The remaining two-thirds of the exhibit detail the extraordinarily rapid spread of the Becket cult to places as far away as Sicily, Sweden, Spain, and the Holy Land, ending with the cult’s brutal suppression by Henry VIII in 1538 and its continuance by exiled English Roman Catholics. A superb Swedish baptismal font and a Norwegian reliquary recapitulate the by-now familiar scene of Becket’s murder, attesting to the saint’s popularity throughout Christendom. A multiplicity of pilgrim badges and other artefacts underscores the popularity of the saint’s cult within England. In the late 12th century, the shrine at Becket’s London birthplace employed a man to melt down and recycle the thousands of lead ampullae of Becket’s miraculous blood carried home to the capital by Canterbury pilgrims. The number and variety of surviving pilgrim souvenirs on display in the exhibition captures some of this roaring trade.

The highlight of the exhibition is without doubt a series of medieval stained-glass windows, carefully transported from Canterbury Cathedral, depicting some of the numerous miracles attributed to the intercession of St. Thomas Becket. These range from the commonplace to the amusingly fantastical: prominent among them is a series of panels depicting the story of a criminal who prayed to Becket for mercy after having been judicially blinded and castrated. The final panel in the cycle rather charmingly depicts the rehabilitated miscreant pointing to his eyes, while an astonished onlooker points at his groin. A flourishing tree in the corner implies the man’s complete restoration.

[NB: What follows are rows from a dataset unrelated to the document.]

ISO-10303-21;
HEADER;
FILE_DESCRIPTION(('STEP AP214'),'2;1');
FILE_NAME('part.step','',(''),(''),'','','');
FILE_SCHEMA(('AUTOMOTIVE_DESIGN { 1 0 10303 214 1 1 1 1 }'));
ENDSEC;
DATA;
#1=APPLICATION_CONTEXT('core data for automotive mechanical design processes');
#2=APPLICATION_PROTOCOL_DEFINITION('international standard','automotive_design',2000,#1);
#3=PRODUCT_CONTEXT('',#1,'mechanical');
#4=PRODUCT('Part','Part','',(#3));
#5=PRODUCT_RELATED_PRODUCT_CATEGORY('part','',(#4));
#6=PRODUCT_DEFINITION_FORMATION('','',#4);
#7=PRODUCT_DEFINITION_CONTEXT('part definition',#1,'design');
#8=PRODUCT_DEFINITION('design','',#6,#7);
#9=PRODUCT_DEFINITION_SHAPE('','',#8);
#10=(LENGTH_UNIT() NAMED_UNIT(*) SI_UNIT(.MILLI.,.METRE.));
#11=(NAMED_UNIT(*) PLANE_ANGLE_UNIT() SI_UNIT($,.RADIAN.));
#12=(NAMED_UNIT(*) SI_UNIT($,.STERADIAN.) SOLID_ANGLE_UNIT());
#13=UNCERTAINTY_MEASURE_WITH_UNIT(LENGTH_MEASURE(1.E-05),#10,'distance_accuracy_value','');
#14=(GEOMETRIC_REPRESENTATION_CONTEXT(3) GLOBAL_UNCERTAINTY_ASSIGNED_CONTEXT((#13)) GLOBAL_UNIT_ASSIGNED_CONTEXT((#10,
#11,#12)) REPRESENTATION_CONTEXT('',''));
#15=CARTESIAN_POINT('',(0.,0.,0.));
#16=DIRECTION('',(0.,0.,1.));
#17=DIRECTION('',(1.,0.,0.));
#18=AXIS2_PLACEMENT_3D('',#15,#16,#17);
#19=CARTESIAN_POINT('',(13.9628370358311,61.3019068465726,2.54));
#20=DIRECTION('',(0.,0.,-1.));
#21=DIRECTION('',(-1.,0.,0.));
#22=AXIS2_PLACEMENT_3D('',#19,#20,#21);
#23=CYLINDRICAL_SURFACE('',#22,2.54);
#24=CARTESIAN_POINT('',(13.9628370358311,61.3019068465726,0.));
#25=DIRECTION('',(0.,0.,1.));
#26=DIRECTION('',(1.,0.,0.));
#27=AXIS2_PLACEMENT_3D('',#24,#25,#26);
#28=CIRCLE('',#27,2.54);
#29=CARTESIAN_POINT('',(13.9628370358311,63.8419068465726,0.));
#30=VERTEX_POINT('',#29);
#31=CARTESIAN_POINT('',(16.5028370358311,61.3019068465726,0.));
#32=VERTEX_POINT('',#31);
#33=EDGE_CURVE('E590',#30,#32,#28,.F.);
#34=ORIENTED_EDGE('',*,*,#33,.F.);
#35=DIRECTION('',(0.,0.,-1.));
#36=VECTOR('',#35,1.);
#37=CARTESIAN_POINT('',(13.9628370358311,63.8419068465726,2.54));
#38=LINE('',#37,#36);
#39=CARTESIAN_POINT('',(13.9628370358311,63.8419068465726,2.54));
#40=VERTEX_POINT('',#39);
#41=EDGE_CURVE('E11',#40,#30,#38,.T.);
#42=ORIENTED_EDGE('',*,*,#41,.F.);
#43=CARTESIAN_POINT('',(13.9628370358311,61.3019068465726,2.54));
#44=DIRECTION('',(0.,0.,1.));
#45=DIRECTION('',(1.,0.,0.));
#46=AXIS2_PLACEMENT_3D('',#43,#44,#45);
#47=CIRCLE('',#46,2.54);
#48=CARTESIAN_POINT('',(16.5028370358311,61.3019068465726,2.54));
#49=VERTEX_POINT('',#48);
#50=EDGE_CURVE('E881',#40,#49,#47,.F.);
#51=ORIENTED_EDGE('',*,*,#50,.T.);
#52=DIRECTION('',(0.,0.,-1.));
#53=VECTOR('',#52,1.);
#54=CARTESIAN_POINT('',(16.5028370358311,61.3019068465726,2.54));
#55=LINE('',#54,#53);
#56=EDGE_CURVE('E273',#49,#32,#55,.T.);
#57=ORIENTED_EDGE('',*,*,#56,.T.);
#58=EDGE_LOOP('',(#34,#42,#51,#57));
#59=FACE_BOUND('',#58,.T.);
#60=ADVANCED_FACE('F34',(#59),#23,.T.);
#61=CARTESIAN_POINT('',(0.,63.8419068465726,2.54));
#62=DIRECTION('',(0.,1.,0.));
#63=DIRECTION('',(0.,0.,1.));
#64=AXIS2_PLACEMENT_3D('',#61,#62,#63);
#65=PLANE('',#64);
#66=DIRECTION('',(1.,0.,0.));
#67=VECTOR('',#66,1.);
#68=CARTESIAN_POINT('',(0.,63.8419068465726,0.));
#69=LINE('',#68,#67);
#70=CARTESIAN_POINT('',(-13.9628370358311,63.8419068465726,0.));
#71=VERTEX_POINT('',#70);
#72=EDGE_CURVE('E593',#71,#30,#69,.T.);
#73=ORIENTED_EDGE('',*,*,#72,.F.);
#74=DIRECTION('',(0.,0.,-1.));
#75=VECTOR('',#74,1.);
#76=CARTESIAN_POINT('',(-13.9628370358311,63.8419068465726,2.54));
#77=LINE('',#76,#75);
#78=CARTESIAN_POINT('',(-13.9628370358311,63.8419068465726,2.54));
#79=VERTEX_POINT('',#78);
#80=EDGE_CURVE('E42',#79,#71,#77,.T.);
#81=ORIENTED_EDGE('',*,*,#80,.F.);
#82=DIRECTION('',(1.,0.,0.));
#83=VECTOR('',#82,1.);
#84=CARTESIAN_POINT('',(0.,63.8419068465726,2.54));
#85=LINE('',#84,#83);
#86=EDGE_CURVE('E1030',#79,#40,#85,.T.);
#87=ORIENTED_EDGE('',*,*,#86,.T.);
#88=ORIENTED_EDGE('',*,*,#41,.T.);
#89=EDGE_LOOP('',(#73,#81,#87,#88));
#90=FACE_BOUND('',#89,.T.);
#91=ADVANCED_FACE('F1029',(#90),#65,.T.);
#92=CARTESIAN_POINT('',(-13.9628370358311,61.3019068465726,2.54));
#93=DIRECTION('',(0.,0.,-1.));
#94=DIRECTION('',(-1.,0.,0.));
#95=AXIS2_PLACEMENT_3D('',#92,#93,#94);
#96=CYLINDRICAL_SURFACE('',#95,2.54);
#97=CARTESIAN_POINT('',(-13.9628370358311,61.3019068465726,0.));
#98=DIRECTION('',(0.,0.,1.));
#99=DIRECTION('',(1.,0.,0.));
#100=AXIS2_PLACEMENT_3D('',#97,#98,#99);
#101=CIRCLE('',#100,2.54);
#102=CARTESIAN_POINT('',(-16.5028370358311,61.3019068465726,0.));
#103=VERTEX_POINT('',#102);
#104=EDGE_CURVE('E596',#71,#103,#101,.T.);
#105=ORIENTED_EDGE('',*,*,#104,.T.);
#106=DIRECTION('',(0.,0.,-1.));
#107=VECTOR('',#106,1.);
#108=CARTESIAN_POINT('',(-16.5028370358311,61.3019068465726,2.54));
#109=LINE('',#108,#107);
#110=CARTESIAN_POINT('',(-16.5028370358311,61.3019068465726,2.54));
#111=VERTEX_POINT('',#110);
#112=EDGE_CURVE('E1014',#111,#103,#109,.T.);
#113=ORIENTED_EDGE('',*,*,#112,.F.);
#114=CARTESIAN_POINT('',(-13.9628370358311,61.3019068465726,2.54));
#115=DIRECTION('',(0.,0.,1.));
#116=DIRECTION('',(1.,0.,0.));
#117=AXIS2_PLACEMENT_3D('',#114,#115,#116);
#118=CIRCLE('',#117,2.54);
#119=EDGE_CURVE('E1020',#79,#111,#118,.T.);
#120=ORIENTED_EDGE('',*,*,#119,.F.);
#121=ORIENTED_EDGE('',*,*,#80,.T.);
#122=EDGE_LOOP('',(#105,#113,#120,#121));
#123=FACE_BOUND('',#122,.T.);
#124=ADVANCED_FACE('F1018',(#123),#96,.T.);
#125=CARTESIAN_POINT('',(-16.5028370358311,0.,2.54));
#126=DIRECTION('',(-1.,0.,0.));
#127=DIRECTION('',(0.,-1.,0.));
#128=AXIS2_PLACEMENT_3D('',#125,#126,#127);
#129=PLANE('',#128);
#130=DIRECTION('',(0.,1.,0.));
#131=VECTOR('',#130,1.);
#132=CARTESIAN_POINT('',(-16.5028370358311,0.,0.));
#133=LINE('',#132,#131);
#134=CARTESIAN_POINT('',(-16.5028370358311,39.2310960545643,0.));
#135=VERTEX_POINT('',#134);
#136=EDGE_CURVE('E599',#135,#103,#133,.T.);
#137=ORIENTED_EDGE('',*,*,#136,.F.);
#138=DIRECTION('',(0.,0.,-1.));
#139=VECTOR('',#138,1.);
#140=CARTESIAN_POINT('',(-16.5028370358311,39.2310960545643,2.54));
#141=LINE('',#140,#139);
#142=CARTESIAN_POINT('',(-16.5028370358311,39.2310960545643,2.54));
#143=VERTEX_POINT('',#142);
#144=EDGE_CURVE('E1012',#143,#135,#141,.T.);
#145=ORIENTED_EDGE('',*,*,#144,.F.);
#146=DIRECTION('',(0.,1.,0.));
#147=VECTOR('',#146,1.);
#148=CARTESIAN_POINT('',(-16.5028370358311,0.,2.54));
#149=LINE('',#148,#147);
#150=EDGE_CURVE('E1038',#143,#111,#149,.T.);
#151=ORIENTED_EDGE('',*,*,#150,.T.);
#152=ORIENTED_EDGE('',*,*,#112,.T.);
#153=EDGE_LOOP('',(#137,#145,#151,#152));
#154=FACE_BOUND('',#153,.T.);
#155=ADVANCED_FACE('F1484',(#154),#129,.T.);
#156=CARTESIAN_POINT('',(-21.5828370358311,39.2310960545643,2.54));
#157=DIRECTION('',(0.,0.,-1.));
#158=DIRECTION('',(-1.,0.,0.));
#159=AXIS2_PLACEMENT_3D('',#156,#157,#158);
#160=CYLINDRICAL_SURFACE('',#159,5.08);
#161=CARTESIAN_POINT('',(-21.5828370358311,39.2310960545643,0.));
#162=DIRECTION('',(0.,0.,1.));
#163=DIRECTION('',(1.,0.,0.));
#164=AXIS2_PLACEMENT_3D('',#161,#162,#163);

Baptismal font showing the murder of Thomas Becket, Sweden. c. 1191. | By kind permission of Lyngsjö Church

Henry VIII dominates the visitor’s final moments in the exhibit: a life-sized rendering of Holbein’s famous portrait commands the space. The curators have taken pains to highlight Henry’s early devotion to Becket, making the display of three mutilated service books more shocking. Henry VIII personally oversaw the complete destruction of Becket’s shrine at Canterbury in 1538, and ordered his feast day to be scrubbed from the liturgical calendar. Rather than dispose of books with prayers for Becket’s feast, many priests chose to scratch out or otherwise cover the prayers to comply with the king’s edict suppressing the Becket cult. One missal on display is covered in an ocean of ink red as fresh blood.

Some visitors might object to the exhibition’s emphasis on Becket as a prototype for English Roman Catholics, including John Fisher and Thomas More. It closes with a few artefacts highlighting the suppression of Roman Catholicism in England and the continuation of Becket’s cult on the Continent and among recusants. Last to greet the visitor is a reliquary purporting to contain a piece of Becket’s skull, smuggled out of England during the Elizabethan era. Becket: Murder and the Making of a Saint is a whirlwind tour through the life, death, and afterlife of England’s most popular medieval saint. As turbulent now as he ever was, Becket continues to divide opinion 851 years on.